## REQUIREMENT
Retype only the lines from the top of the records to the line with "circle A3 centre (58.42, -31.75) radius 1.9", including that line but none of the pictures.

## RECORDS FOR THE EXERCISE
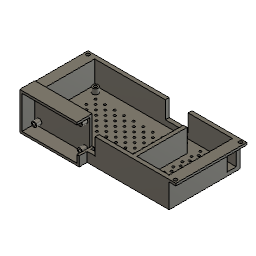
PCB+Case (Autodesk Fusion 360 design; units mm, degrees)
Autodesk Fusion 360 part; units mm, degrees
sketch "Sketch1" plane through (0, 0, 0) normal (0, 1, 0) x (1, 0, 0)
  line L0 (-72.5, 44.98) -> (120.5, 44.98)
  line L1 (120.5, 44.98) -> (120.5, -49.32)
  line L2 (120.5, -49.32) -> (-72.5, -49.32)
  line L3 (-72.5, -49.32) -> (-72.5, 44.98)
  line L4 (-67.5, 39.83) -> (67.5, 39.83)
  line L5 (67.5, 39.83) -> (67.5, -39.83)
  line L6 (67.5, -39.83) -> (-67.5, -39.83)
  line L7 (-67.5, -39.83) -> (-67.5, 39.83)
  circle A0 centre (-58.42, 31.75) radius 1.9
  circle A1 centre (-58.42, -31.75) radius 1.9
  circle A2 centre (58.42, 31.75) radius 1.9
  circle A3 centre (58.42, -31.75) radius 1.9
  circle A4 centre (-58.42, 31.75) radius 3.9
  circle A5 centre (58.42, 31.75) radius 3.9
  circle A6 centre (58.42, -31.75) radius 3.9
  circle A7 centre (-58.42, -31.75) radius 3.9
  line L8 (72.5, 39.83) -> (115.5, 39.83)
  line L9 (115.5, 39.83) -> (115.5, -44.17)
  line L10 (115.5, -44.17) -> (72.5, -44.17)
  line L11 (72.5, -44.17) -> (72.5, 39.83)
  line L12 (67.5, 39.83) -> (72.5, 39.83) construction
  dimension "d1" = 135
  dimension "d2" = 67.5
  dimension "d3" = 79.66
  dimension "d4" = 39.83
  dimension "d5" = 5.15
  dimension "d8" = 5
  dimension "d9" = 58.42
  dimension "d10" = 58.42
  dimension "d11" = 58.42
  dimension "d12" = 58.42
  dimension "d13" = 31.75
  dimension "d14" = 31.75
  dimension "d15" = 31.75
  dimension "d16" = 31.75
  dimension "d17" = 3.8
  dimension "d18" = 3.8
  dimension "d19" = 3.8
  dimension "d20" = 3.8
  dimension "d21" = 7.8
  dimension "d22" = 7.8
  dimension "d23" = 7.8
  dimension "d24" = 7.8
  dimension "d111" = 43
  dimension "d112" = 84
  dimension "d113" = 5.15
  dimension "d114" = 5
  dimension "d115" = 5
  constraint horizontal L0
  constraint vertical L1
  constraint horizontal L2
  constraint vertical L3
  constraint horizontal L4
  constraint vertical L5
  constraint horizontal L6
  constraint vertical L7
  constraint concentric A0 A4
  constraint concentric A2 A5
  constraint concentric A3 A6
  constraint concentric A1 A7
  constraint horizontal L8
  constraint vertical L9
  constraint horizontal L10
  constraint vertical L11
  constraint horizontal L12
  measures "d1" distance of L4.start L4.end
  measures "d2" distance of origin L5
  measures "d3" distance of L4.start L6.end
  measures "d4" distance of origin L4
  measures "d5" distance of L0 L4
  measures "d8" distance of L3 L7
  measures "d9" horizontal distance of origin A0.centre
  measures "d10" horizontal distance of origin A2.centre
  measures "d11" horizontal distance of origin A1.centre
  measures "d12" horizontal distance of origin A3.centre
  measures "d13" vertical distance of origin A0.centre
  measures "d14" vertical distance of origin A2.centre
  measures "d15" vertical distance of origin A1.centre
  measures "d16" vertical distance of origin A3.centre
  measures "d17" diameter of A0
  measures "d18" diameter of A2
  measures "d19" diameter of A1
  measures "d20" diameter of A3
  measures "d21" diameter of A4
  measures "d22" diameter of A5
  measures "d23" diameter of A7
  measures "d24" diameter of A6
  measures "d111" distance of L8.start L8.end
  measures "d112" distance of L8.end L9.end
  measures "d113" distance of L2 L10
  measures "d114" distance of L1 L9
  measures "d115" distance of L5 L11
extrude "Extrude1" add sketch "Sketch1" along normal blind 5 contours L4 L5 L6 L7 | A4 | A5 | A6 | A7 | L8 L9 L10 L11 makes body 1 at (-18.887, 0, 10.2448) makes body 2 at (86.8333, 0, 16.17)
extrude "Extrude3" add sketch "Sketch1" along normal blind 35 contours L0 L1 L2 L3 bodies 1 2
extrude "Extrude15" add sketch "Sketch1" along normal blind 5 contours A0 | A1 | A2 | A3 bodies 1
extrude "Extrude16" add sketch "Sketch1" along normal blind 12 contours A4 | A5 | A6 | A7 bodies 1
sketch "Sketch11" plane through (0, 35, 0) normal (0, 1, 0) x (-1, 0, 0)
  line L0 (-67.5, 39.83) -> (67.5, 39.83)
  line L1 (67.5, 39.83) -> (67.5, -39.83)
  line L2 (67.5, -39.83) -> (-67.5, -39.83)
  line L3 (-67.5, -39.83) -> (-67.5, 39.83)
  line L4 (-115.5, 44.17) -> (-72.5, 44.17)
  line L5 (-72.5, 44.17) -> (-72.5, -39.83)
  line L6 (-72.5, -39.83) -> (-115.5, -39.83)
  line L7 (-115.5, -39.83) -> (-115.5, 44.17)
  line L8 (72.5, 49.32) -> (-120.5, 49.32)
  line L9 (-120.5, 49.32) -> (-120.5, -44.98)
  line L10 (-120.5, -44.98) -> (72.5, -44.98)
  line L11 (72.5, -44.98) -> (72.5, 49.32)
  line L12 (72.5, 49.32) -> (-67.5, 49.32)
  line L13 (-67.5, 49.32) -> (-67.5, 44.83)
  line L14 (-67.5, 44.83) -> (72.5, 44.83)
  line L15 (72.5, 44.83) -> (72.5, 49.32)
  line L16 (-67.5, 44.83) -> (-67.5, 39.83)
  dimension "d117" = 5
  constraint horizontal L12
  constraint vertical L13
  constraint horizontal L14
  constraint vertical L15
  constraint coincident L8.start L11.end
  constraint coincident L0.start L3.end
  constraint vertical L16
  measures "d117" distance of L0 L14
extrude "Extrude11" cut sketch "Sketch11" against normal up to surface (35 mm away) contours L8 L11 L12 L13 L14 L15 bodies 1
sketch "Sketch2" plane through (0, 35, 0) normal (0, 1, 0) x (-1, 0, 0)
  line L0 (-67.5, 39.83) -> (67.5, 39.83)
  line L1 (67.5, 39.83) -> (67.5, -39.83)
  line L2 (67.5, -39.83) -> (-67.5, -39.83)
  line L3 (-67.5, -39.83) -> (-67.5, 39.83)
  line L4 (-67.5, 49.32) -> (-120.5, 49.32)
  line L5 (-120.5, 49.32) -> (-120.5, -44.98)
  line L6 (-120.5, -44.98) -> (72.5, -44.98)
  line L7 (72.5, -44.98) -> (72.5, 44.83)
  line L8 (81.5, -44.98) -> (-129.5, -44.98)
  line L9 (-129.5, -44.98) -> (-129.5, 49.32)
  line L10 (81.5, 44.83) -> (81.5, -44.98)
  circle A0 centre (77, 40.33) radius 2.25
  circle A1 centre (77, -40.48) radius 2.25
  circle A2 centre (-125, -40.98) radius 2.25
  circle A3 centre (-125, 45.32) radius 2.25
  line L11 (-115.5, 44.17) -> (-72.5, 44.17)
  line L12 (-72.5, 44.17) -> (-72.5, -39.83)
  line L13 (-72.5, -39.83) -> (-115.5, -39.83)
  line L14 (-115.5, -39.83) -> (-115.5, 44.17)
  line L15 (-67.5, 44.83) -> (-67.5, 49.32)
  line L16 (72.5, 44.83) -> (-67.5, 44.83)
  line L17 (-129.5, 49.32) -> (-120.5, 49.32)
  line L18 (72.5, 44.83) -> (81.5, 44.83)
  point P0 (-24, -44.98)
  dimension "d33" = 9
  dimension "d39" = 4.5
  dimension "d40" = 4.5
  dimension "d41" = 4.5
  dimension "d42" = 4.5
  dimension "d43" = 4
  dimension "d44" = 4.5
  dimension "d46" = 4.5
  dimension "d47" = 4.5
  dimension "d48" = 4.5
  dimension "d50" = 4.5
  dimension "d116" = 9
  dimension "d121" = 4
  dimension "d122" = 4.5
  constraint horizontal L8
  constraint vertical L9
  constraint vertical L10
  constraint midpoint L6 P0
  constraint coincident L8 P0
  constraint coincident L4.end L5.start
  constraint perpendicular L5 L17
  constraint coincident L7.end L16.start
  constraint horizontal L18
  measures "d33" distance of L7 L10
  measures "d39" distance of L10 A1.centre
  measures "d40" distance of L8 A1.centre
  measures "d41" diameter of A1
  measures "d42" distance of L9 A2.centre
  measures "d43" distance of L8 A2.centre
  measures "d44" diameter of A2
  measures "d46" distance of L10 A0.centre
  measures "d47" diameter of A0
  measures "d48" distance of L9 A3.centre
  measures "d50" diameter of A3
  measures "d116" distance of L5 L9
  measures "d121" distance of A3.centre L17
  measures "d122" distance of A0.centre L18
extrude "Extrude4" add sketch "Sketch2" against normal blind 3 contours L5 L8 L9 L17 | L7 L8 L10 L18 bodies 1
sketch "Sketch7" plane through (0, 35, 0) normal (0, 1, 0) x (-1, 0, 0)
  line L0 (81.5, -44.98) -> (81.5, 44.83)
  line L1 (-67.5, 49.32) -> (-129.5, 49.32)
  circle A0 centre (77, 40.33) radius 2.25
  line L2 (67.5, 39.83) -> (-11.62, 39.83)
  line L3 (67.5, 59.83) -> (67.5, 39.83)
  line L4 (-11.62, 39.83) -> (-11.62, 59.83)
  line L5 (67.5, 59.83) -> (-11.62, 59.83)
  line L6 (-129.5, -44.98) -> (81.5, -44.98)
  circle A1 centre (77, -40.48) radius 2.25
  line L7 (-67.5, -39.83) -> (-67.5, 39.83)
  line L8 (-67.5, 39.83) -> (67.5, 39.83)
  line L9 (67.5, 39.83) -> (67.5, -39.83)
  line L10 (67.5, -39.83) -> (-67.5, -39.83)
  line L11 (81.5, 44.83) -> (-67.5, 44.83)
  line L12 (-67.5, 44.83) -> (-67.5, 49.32)
  line L13 (-129.5, 49.32) -> (-129.5, -44.98)
  circle A2 centre (-125, 45.32) radius 2.25
  circle A3 centre (-125, -40.98) radius 2.25
  line L14 (-115.5, 44.17) -> (-72.5, 44.17)
  line L15 (-72.5, 44.17) -> (-72.5, -39.83)
  line L16 (-72.5, -39.83) -> (-115.5, -39.83)
  line L17 (-115.5, -39.83) -> (-115.5, 44.17)
  dimension "d59" = 20
  dimension "d60" = 79.12
  constraint horizontal L2
  constraint vertical L3
  constraint perpendicular L3 L5
  constraint coincident L2 L3.end
  constraint coincident L3 L2.start
  constraint perpendicular L4 L5
  measures "d59" distance of L2.start L3.start
  measures "d60" distance of L2.start L2.end
extrude "Extrude6" add sketch "Sketch7" against normal up to surface (35 mm away) contours L3 L4 L5 L11 bodies 1
extrude "Extrude7" add sketch "Sketch7" along normal blind 14.91 contours L3 L4 L5 L11 | L2 L3 L4 L8 L11 bodies 1
sketch "Sketch8" plane through (0, 0, 59.83) normal (0, 0, 1) x (1, 0, 0)
  line L0 (11.62, 0) -> (11.62, 49.91)
  line L1 (11.62, 49.91) -> (-67.5, 49.91)
  line L2 (-67.5, 49.91) -> (-67.5, 0)
  line L3 (-64.5, 46.91) -> (8.62, 46.91)
  line L4 (8.62, 46.91) -> (8.62, 3)
  line L5 (8.62, 3) -> (-64.5, 3)
  line L6 (-64.5, 3) -> (-64.5, 46.91)
  line L7 (-67.5, 0) -> (11.62, 0)
  dimension "d65" = 3
  dimension "d66" = 3
  dimension "d67" = 3
  dimension "d140" = 3
  constraint horizontal L3
  constraint vertical L4
  constraint horizontal L5
  constraint vertical L6
  measures "d65" distance of L2 L6
  measures "d66" distance of L1 L3
  measures "d67" distance of L0 L4
  measures "d140" distance of L5 L7
extrude "Extrude8" cut sketch "Sketch8" against normal blind 17 contours L3 L4 L5 L6 bodies 1
sketch "Sketch9" plane through (0, 0, 42.83) normal (0, 0, 1) x (1, 0, 0)
  line L0 (-64.5, 3) -> (8.62, 3)
  line L1 (8.62, 3) -> (8.62, 46.91)
  line L2 (-64.5, 46.91) -> (-64.5, 3)
  circle A0 centre (-58.42, 40.83) radius 1.9
  circle A1 centre (2.54, 40.83) radius 1.9
  circle A2 centre (-58.42, 9.08) radius 1.9
  circle A3 centre (2.54, 9.08) radius 1.9
  line L3 (-64.5, 24.955) -> (8.62, 24.955) construction
  line L4 (8.62, 46.91) -> (-64.5, 46.91)
  circle A4 centre (-58.42, 9.08) radius 3.4
  circle A5 centre (-58.42, 40.83) radius 3.4
  circle A6 centre (2.54, 40.83) radius 3.4
  circle A7 centre (2.54, 9.08) radius 3.4
  line L5 (-13.97, 31.94) -> (-62.23, 31.94)
  line L6 (-62.23, 31.94) -> (-62.23, 37.02)
  line L7 (-62.23, 37.02) -> (-26.67, 37.02)
  line L8 (-26.67, 37.02) -> (-26.67, 43.37)
  line L9 (-26.67, 43.37) -> (-13.97, 43.37)
  line L10 (-13.97, 43.37) -> (-13.97, 31.94)
  dimension "d79" = 3.8
  dimension "d80" = 3.8
  dimension "d81" = 3.8
  dimension "d82" = 3.8
  dimension "d85" = 6.08
  dimension "d86" = 6.08
  dimension "d87" = 6.08
  dimension "d88" = 6.08
  dimension "d89" = 6.08
  dimension "d91" = 6.08
  dimension "d131" = 6.08
  dimension "d132" = 6.08
  dimension "d133" = 6.8
  dimension "d134" = 6.8
  dimension "d135" = 6.8
  dimension "d136" = 6.8
  dimension "d138" = 22.86
  dimension "d141" = 5.08
  dimension "d142" = 3.81
  dimension "d143" = 31.75
  dimension "d144" = 12.7
  dimension "d145" = 2.54
  constraint midpoint L2 L3.start
  constraint midpoint L1 L3.end
  constraint concentric A2 A4
  constraint concentric A0 A5
  constraint concentric A1 A6
  constraint concentric A3 A7
  constraint horizontal L5
  constraint vertical L6
  constraint perpendicular L6 L7
  constraint perpendicular L7 L8
  constraint perpendicular L8 L9
  constraint perpendicular L9 L10
  measures "d79" diameter of A2
  measures "d80" diameter of A0
  measures "d81" diameter of A1
  measures "d82" diameter of A3
  measures "d85" distance of L0 A2.centre
  measures "d86" distance of L2 A2.centre
  measures "d87" distance of L0 A3.centre
  measures "d88" distance of L1 A3.centre
  measures "d89" distance of L2 A0.centre
  measures "d91" distance of L1 A1.centre
  measures "d131" distance of A0.centre L4
  measures "d132" distance of A1.centre L4
  measures "d133" diameter of A4
  measures "d134" diameter of A5
  measures "d135" diameter of A6
  measures "d136" diameter of A7
  measures "d138" distance of A2.centre L5
  measures "d141" distance of L6.end L5.end
  measures "d142" distance of A0.centre L6
  measures "d143" distance of A0.centre L8
  measures "d144" distance of L8.end L9.end
  measures "d145" distance of A0.centre L9
extrude "Extrude9" add sketch "Sketch9" along normal blind 7 contours A4 | A5 | A6 | A7 bodies 1
extrude "Extrude14" cut sketch "Sketch9" against normal up to surface (3 mm away) contours L5 L6 L7 L8 L9 L10 bodies 1
sketch "Sketch5" plane through (0, 0, -44.98) normal (0, 0, -1) x (-1, 0, 0)
  line L0 (72.5, 32) -> (81.5, 32)
  line L1 (-120.5, 32) -> (-120.5, 0)
  line L2 (-120.5, 0) -> (72.5, 0)
  line L3 (72.5, 0) -> (72.5, 32)
  line L4 (81.5, 35) -> (-129.5, 35)
  line L5 (72.5, 32) -> (81.5, 32)
  line L6 (81.5, 32) -> (81.5, 35)
  line L7 (81.5, 32) -> (81.5, 35)
  line L8 (81.5, 35) -> (-129.5, 35)
  line L9 (-120.5, 0) -> (72.5, 0)
  line L10 (72.5, 0) -> (72.5, 32)
  line L11 (-120.5, 32) -> (-120.5, 0)
  line L12 (-56.52, 12) -> (-26.52, 12)
  line L13 (-26.52, 12) -> (-26.52, 35)
  line L14 (-26.52, 35) -> (-56.52, 35)
  line L15 (-56.52, 35) -> (-56.52, 12)
  line L16 (-56.52, 5) -> (-56.52, 35) construction
  line L17 (-129.5, 35) -> (-129.5, 32)
  line L18 (-129.5, 32) -> (-120.5, 32)
  line L19 (-129.5, 35) -> (-129.5, 32)
  line L20 (-129.5, 32) -> (-120.5, 32)
  line L21 (-72.5, 5) -> (-115.5, 5)
  line L22 (-115.5, 5) -> (-72.5, 5)
  line L23 (-60.32, 12) -> (-56.52, 12)
  line L24 (-54.52, 12) -> (-62.32, 12)
  dimension "d95" = 30
  constraint horizontal L12
  constraint vertical L13
  constraint horizontal L14
  constraint vertical L15
  constraint coincident L8 L13.end
  constraint coincident L4 L14.end
  constraint perpendicular L4 L16
  constraint coincident L12.start L16
  constraint coincident L12 L24.start
  constraint coincident L15 L12.start
  measures "d95" distance of L13.end L14.end
extrude "Extrude5" cut sketch "Sketch5" along normal up to surface (0 mm away) and the other way up to surface (5.15 mm away) contours L4 L8 L12 L13 L14 L15 L24 bodies 1
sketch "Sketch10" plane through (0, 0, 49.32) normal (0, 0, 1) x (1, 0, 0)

## EXERCISE RESULT
PCB+Case (Autodesk Fusion 360 design; units mm, degrees)
Autodesk Fusion 360 part; units mm, degrees
sketch "Sketch1" plane through (0, 0, 0) normal (0, 1, 0) x (1, 0, 0)
  line L0 (-72.5, 44.98) -> (120.5, 44.98)
  line L1 (120.5, 44.98) -> (120.5, -49.32)
  line L2 (120.5, -49.32) -> (-72.5, -49.32)
  line L3 (-72.5, -49.32) -> (-72.5, 44.98)
  line L4 (-67.5, 39.83) -> (67.5, 39.83)
  line L5 (67.5, 39.83) -> (67.5, -39.83)
  line L6 (67.5, -39.83) -> (-67.5, -39.83)
  line L7 (-67.5, -39.83) -> (-67.5, 39.83)
  circle A0 centre (-58.42, 31.75) radius 1.9
  circle A1 centre (-58.42, -31.75) radius 1.9
  circle A2 centre (58.42, 31.75) radius 1.9
  circle A3 centre (58.42, -31.75) radius 1.9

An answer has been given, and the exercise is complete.